The recent tragedy in Arizona has sparked a lot of controversy. Many people from all sides are trying to understand how or why such a thing could take place and how it could be prevented in the future. This post isnt going to be about assigning blame, nor is it going to be about the futility of applying logic and reason to the workings of a madman. Rather, its going to be about the presentation of data and statistics.
One argument related to Arizonas shooting that I came across focused on the relationship between the number of guns in a state and that states propensity toward gun violence. I saw in several places an image which attempted to concisely summarized this point:
This graphic stood out to me for several reasons. First, the data being quoted superficially seems to be quite convincing: the states with the highest rates of gun-related deaths do have much higher percentages of people who own guns. While from that data alone it remains unclear how the underlying relation worked, or in which direction the underlying causation pointed, this data seems to be direct evidence against the idea that higher gun ownership actually reduces gun homicides via the phenomenon of people in a crowd fighting back.
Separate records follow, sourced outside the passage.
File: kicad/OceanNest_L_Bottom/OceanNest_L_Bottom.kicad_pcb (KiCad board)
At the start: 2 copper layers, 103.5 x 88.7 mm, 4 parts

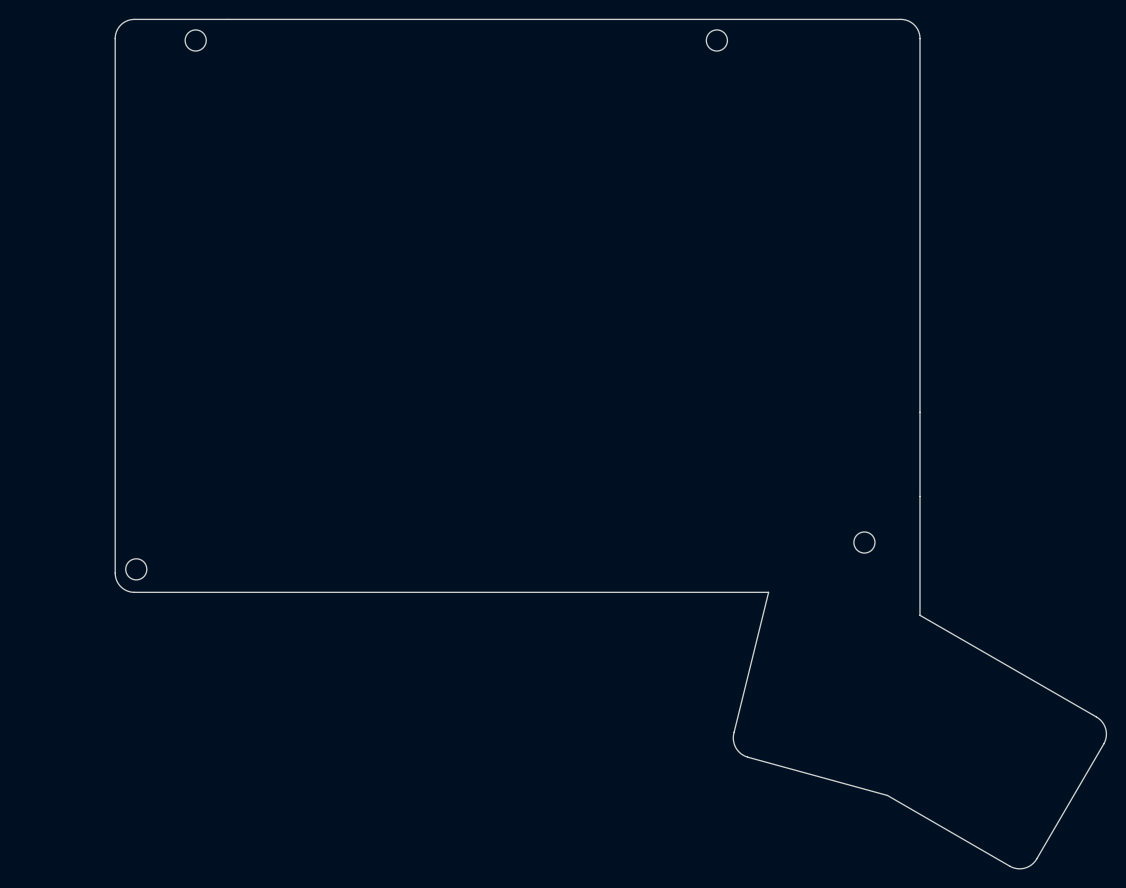
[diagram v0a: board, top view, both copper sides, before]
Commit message: feat: add new OceanNest_L and OceanNest_R PCB and project files for enhanced design capabilities
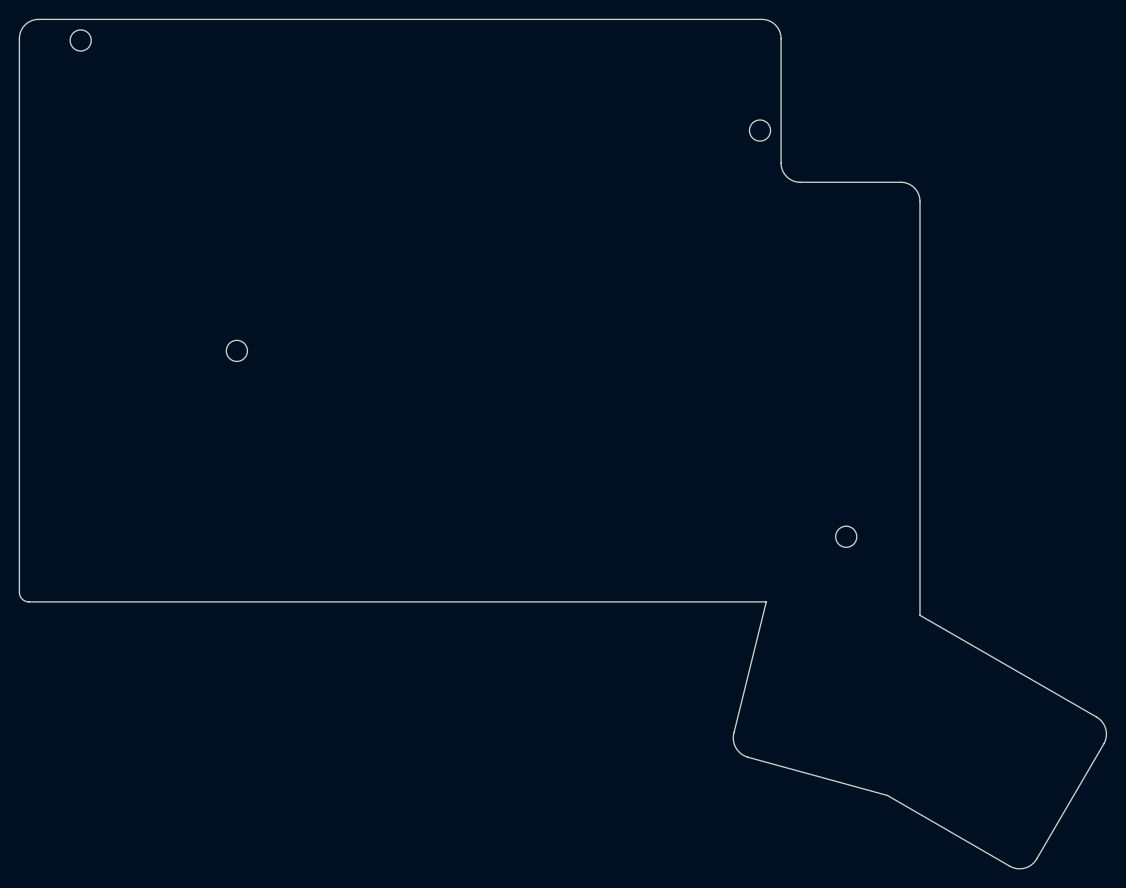
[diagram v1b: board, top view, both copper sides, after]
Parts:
- removed Ref** (x3): Val**, isw-kbd:M2_ScrewHole
- added hole2: Val**, kbd_Hole:m2_Screw_Hole, F.Cu at (72.7, 134.6)
- added hole2: Val**, kbd_Hole:m2_Screw_Hole, F.Cu at (127.3, 111.6)
- added hole2: Val**, kbd_Hole:m2_Screw_Hole, F.Cu at (56.4, 102.2)
- hole1: renamed from Ref**; footprint isw-kbd:M2_ScrewHole -> kbd_Hole:m2_Screw_Hole
- moved hole1 1.99 mm to (136.3, 154.0)
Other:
- board size 103.5 x 88.7 mm -> 113.5 x 88.7 mm
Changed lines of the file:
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@@
 	)
 	(net 0 "")
-	(footprint "isw-kbd:M2_ScrewHole"
+	(footprint "kbd_Hole:m2_Screw_Hole"
 		(layer "F.Cu")
-		(at 62.2 157.4)
+		(at 72.7 134.6)
 		(descr "Mounting Hole 2.2mm, no annular, M2")
 		(tags "mounting hole 2.2mm no annular m2")
-		(property "Reference" "Ref**"
-			(at 0 3 0)
-			(layer "F.Fab")
-			(hide yes)
+		(property "Reference" "hole2"
+			(at 0 -3.2 0)
+			(layer "F.Fab")
 			(effects
 				(font
@@
 		)
 		(property "Value" "Val**"
-			(at 0 -3 0)
-			(layer "F.Fab")
-			(hide yes)
+			(at 0 3.2 0)
+			(layer "F.Fab")
 			(effects
 				(font
@@
 		(fp_circle
 			(center 0 0)
-			(end 2 0)
+			(end 2.2 0)
 			(stroke
 				(width 0.15)
@@
 			)
 			(fill no)
-			(layer "B.Fab")
+			(layer "Cmts.User")
+		)
+		(fp_circle
+			(center 0 0)
+			(end 2.45 0)
+			(stroke
+				(width 0.05)
+				(type solid)
+			)
+			(fill no)
+			(layer "F.CrtYd")
 		)
 		(fp_text user "${REFERENCE}"
@@
 		(embedded_fonts no)
 	)
-	(footprint "isw-kbd:M2_ScrewHole"
+	(footprint "kbd_Hole:m2_Screw_Hole"
 		(layer "F.Cu")
-		(at 138.2 154.6)
+		(at 127.3 111.6)
 		(descr "Mounting Hole 2.2mm, no annular, M2")
 		(tags "mounting hole 2.2mm no annular m2")
-		(property "Reference" "Ref**"
-			(at 0 3 0)
-			(layer "F.Fab")
-			(hide yes)
+		(property "Reference" "hole2"
+			(at 0 -3.2 0)
+			(layer "F.Fab")
 			(effects
 				(font
@@
 		)
 		(property "Value" "Val**"
-			(at 0 -3 0)
-			(layer "F.Fab")
-			(hide yes)
+			(at 0 3.2 0)
+			(layer "F.Fab")
 			(effects
 				(font
@@
 		(fp_circle
 			(center 0 0)
-			(end 2 0)
+			(end 2.2 0)
 			(stroke
 				(width 0.15)
@@
 			)
 			(fill no)
-			(layer "B.Fab")
+			(layer "Cmts.User")
+		)
+		(fp_circle
+			(center 0 0)
+			(end 2.45 0)
+			(stroke
+				(width 0.05)
+				(type solid)
+			)
+			(fill no)
+			(layer "F.CrtYd")
 		)
 		(fp_text user "${REFERENCE}"
@@
 		(embedded_fonts no)
 	)
-	(footprint "isw-kbd:M2_ScrewHole"
+	(footprint "kbd_Hole:m2_Screw_Hole"
 		(layer "F.Cu")
-		(at 68.4 102.2)
+		(at 136.3 154)
 		(descr "Mounting Hole 2.2mm, no annular, M2")
 		(tags "mounting hole 2.2mm no annular m2")
-		(property "Reference" "Ref**"
-			(at 0 3 0)
-			(layer "F.Fab")
-			(hide yes)
+		(property "Reference" "hole1"
+			(at 0 -3.2 0)
+			(layer "F.Fab")
 			(effects
 				(font
@@
 		)
 		(property "Value" "Val**"
-			(at 0 -3 0)
-			(layer "F.Fab")
-			(hide yes)
+			(at 0 3.2 0)
+			(layer "F.Fab")
 			(effects
 				(font
@@
 		(fp_circle
 			(center 0 0)
-			(end 2 0)
+			(end 2.2 0)
 			(stroke
 				(width 0.15)
@@
 			)
 			(fill no)
-			(layer "B.Fab")
+			(layer "Cmts.User")
+		)
+		(fp_circle
+			(center 0 0)
+			(end 2.45 0)
+			(stroke
+				(width 0.05)
+				(type solid)
+			)
+			(fill no)
+			(layer "F.CrtYd")
 		)
 		(fp_text user "${REFERENCE}"
@@
 		(embedded_fonts no)
 	)
-	(footprint "isw-kbd:M2_ScrewHole"
+	(footprint "kbd_Hole:m2_Screw_Hole"
 		(layer "F.Cu")
-		(at 122.8 102.2)
+		(at 56.4 102.2)
 		(descr "Mounting Hole 2.2mm, no annular, M2")
 		(tags "mounting hole 2.2mm no annular m2")
-		(property "Reference" "Ref**"
-			(at 0 3 0)
-			(layer "F.Fab")
-			(hide yes)
+		(property "Reference" "hole2"
+			(at 0 -3.2 0)
+			(layer "F.Fab")
 			(effects
 				(font
@@
 		)
 		(property "Value" "Val**"
-			(at 0 -3 0)
-			(layer "F.Fab")
-			(hide yes)
+			(at 0 3.2 0)
+			(layer "F.Fab")
 			(effects
 				(font
@@
 		(fp_circle
 			(center 0 0)
-			(end 2 0)
+			(end 2.2 0)
 			(stroke
 				(width 0.15)
@@
 			)
 			(fill no)
-			(layer "B.Fab")
+			(layer "Cmts.User")
+		)
+		(fp_circle
+			(center 0 0)
+			(end 2.45 0)
+			(stroke
+				(width 0.05)
+				(type solid)
+			)
+			(fill no)
+			(layer "F.CrtYd")
 		)
 		(fp_text user "${REFERENCE}"
@@
 	)
 	(gr_arc
+		(start 127.5 100)
+		(mid 128.914214 100.585786)
+		(end 129.5 102)
+		(stroke
+			(width 0.05)
+			(type default)
+		)
+		(layer "Edge.Cuts")
+	)
+	(gr_arc
+		(start 131.5 117)
+		(mid 130.085786 116.414214)
+		(end 129.5 115)
+		(stroke
+			(width 0.05)
+			(type default)
+		)
+		(layer "Edge.Cuts")
+	)
+	(gr_arc
+		(start 142 117)
+		(mid 143.414214 117.585786)
+		(end 144 119)
+		(stroke
+			(width 0.05)
+			(type default)
+		)
+		(layer "Edge.Cuts")
+	)
+	(gr_arc
 		(start 126 177.000002)
 		(mid 124.761527 175.989951)
@@
 	)
 	(gr_line
-		(start 142 100)
-		(end 71.8 100)
-		(stroke
-			(width 0.05)
-			(type default)
-		)
-		(layer "Edge.Cuts")
-	)
-	(gr_line
-		(start 144 102)
-		(end 144 141)
+		(start 127.5 100)
+		(end 53 100)
+		(stroke
+			(width 0.05)
+			(type default)
+		)
+		(layer "Edge.Cuts")
+	)
+	(gr_line
+		(start 144 119)
+		(end 144 162.2)
 		(stroke
 			(width 0.05)
@@
 		(layer "Edge.Cuts")
 	)
-	(gr_arc
-		(start 62 159.8)
-		(mid 60.585786 159.214214)
-		(end 60 157.8)
+	(gr_line
+		(start 52 100)
+		(end 53 100)
 		(stroke
 			(width 0.05)
@@
 	)
 	(gr_line
-		(start 62 159.8)
-		(end 128.2 159.8)
+		(start 51 160.8)
+		(end 127.953425 160.799999)
 		(stroke
 			(width 0.05)
@@
 	(gr_line
 		(start 124.6 174.400002)
-		(end 128.2 159.8)
+		(end 127.953425 160.799999)
 		(stroke
 			(width 0.05)
@@
 	)
 	(gr_line
-		(start 60 157.8)
-		(end 60 102)
-		(stroke
-			(width 0.05)
-			(type default)
-		)
-		(layer "Edge.Cuts")
-	)
-	(gr_line
-		(start 144 141)
-		(end 144 149.8)
-		(stroke
-			(width 0.05)
-			(type default)
-		)
-		(layer "Edge.Cuts")
-	)
-	(gr_arc
-		(start 60 102)
-		(mid 60.585781 100.585772)
-		(end 62 100)
-		(stroke
-			(width 0.05)
-			(type default)
-		)
-		(layer "Edge.Cuts")
-	)
-	(gr_arc
-		(start 142 100)
-		(mid 143.414214 100.585786)
-		(end 144 102)
+		(start 50 159.8)
+		(end 50 102)
+		(stroke
+			(width 0.05)
+			(type default)
+		)
+		(layer "Edge.Cuts")
+	)
+	(gr_line
+		(start 142 117)
+		(end 131.5 117)
+		(stroke
+			(width 0.05)
+			(type default)
+		)
+		(layer "Edge.Cuts")
+	)
+	(gr_arc
+		(start 51 160.8)
+		(mid 50.292893 160.507107)
+		(end 50 159.8)
+		(stroke
+			(width 0.05)
+			(type default)
+		)
+		(layer "Edge.Cuts")
+	)
+	(gr_arc
+		(start 50 102)
+		(mid 50.585781 100.585772)
+		(end 52 100)
 		(stroke
 			(width 0.05)
@@
 		(layer "Edge.Cuts")
 	)
-	(gr_line
-		(start 143.999998 162.200001)
-		(end 144 149.8)
-		(stroke
-			(width 0.05)
-			(type default)
-		)
-		(layer "Edge.Cuts")
-	)
 	(gr_arc
 		(start 156.199998 187.600001)
@@
 	)
 	(gr_line
-		(start 71.8 100)
-		(end 62 100)
-		(stroke
-			(width 0.05)
+		(start 129.5 115)
+		(end 129.5 102)
+		(stroke
+			(width 0.05)

However, I was particularly interested in this graphic for other reasons. Clearly a lot of the data is missing. Only 10 states are shown, which of course represents only 20% of the available data (the rest being the other states, of course). So, this graphic is really only including the endpoints, which may or may not be outliers. One should never try to determine a trend by considering only the extremes. Does this relationship hold among the other 40 states? If so, it would certainly make this graphic more powerful? And if not, then the image is being disingenuous by hiding information that certainly was available. At some point, somebody made a conscious decision to hide the majority of the data, a decision that should certainly be questioned.
In addition, the graphic doesnt actually tell what the death rates are, it simply orders them and gives the relevant rate of gun ownership. It could be, for example, that LA has twice as many deaths as AK and five times as many as NY. Or, it could be that the rate is nearly constant among all 50 states, in which case the ordering of the states would come from minor fluctuations. One has no idea based on this image.
So, whats my point? Im not trying to beat up on this one particular image and to feel superior as a result. Instead, Im making a broader point: that our society is generally bad at reading and interpreting graphs and charts, and it is just as bad at making them. As it stands, this chart is almost meaningless. It would be obviously unacceptable if presented to a group of academics, and yet it has become somewhat viral among the general public. This is somewhat frustrating to me, mostly because of how easy it would be to make a much more effective and accurate image. To prove my point, I attempted to do just that.
So, to do a better job, I first had to get my hands on the underlying dataset from which this chart was made. This turned out to be a bit more challenging than I had anticipated. The image itself listed its source as Violence Policy Center, 2010 (From 2007 CDC Data). While I was pleased that the source material was named, there was no link to an actual paper, study, or website containing the raw data in the image, nor was there any such link in any site that hosted the link that I could find. So, I was forced to google.
Google search: violence policy center 2007 cdc data
This led me to a site that linked me to something in the right direction:
This site contained a link to a press release from the Violence Policy Center that contained the data used in the graphic:
So, it became clear why the graphic only included a few of the states: whoever made it only looked as far as this press release when making the image. However, when doing so, they neglected to include the rates themselves and instead only used the ordering. That level of laziness or simplification or both made me somewhat skeptical and made me want to dig deeper.
The press release contained a link to the data for all 50 states:
but this turned out really to only be half of the data. It only contained the State Firearm Death Rates for the states, but not their percentage of gun ownership. To find that, I would still need to locate an underlying academic paper. The title of that paper was listed in the press release described above and was found with a google search of the title and date:
Google search: Prevalence of Household Firearms and Firearm-Storage Practices in the 50 States and the District of Columbia: Findings From the Behavioral Risk Factor Surveillance System, 2002
This actually turned up the paper itself, which was in a publication called Pediatrics: The Official Journal of The American Academy of Pediatrics. It was a bit unclear why pediatrics would have a paper about gun violence, but thats a bit of an aside.
This actually contained a link with the raw data about gun ownership rate:
So, using this and the state gun violence rates that I found before, I could go about reproducing the information contained in the graphic and could attempt to go further.
Thinking only from the perspective of data-presentation, these quickly-thrown-together plots are much more effective at making the desired point. When comparing gun-violence rates to the percentage of people in a state who own any gun, one can infer an approximately linear relation (with a decent amount of noise). However, when one requires that the guns be loaded or loaded AND unlocked, the trend becomes more discernible. In nearly the same area, one can include much more information, and more relevant information. The underlying argument depends on the existence of a trend, and only by displaying the entirety of the data in a simple yet proper way does that trend become clear.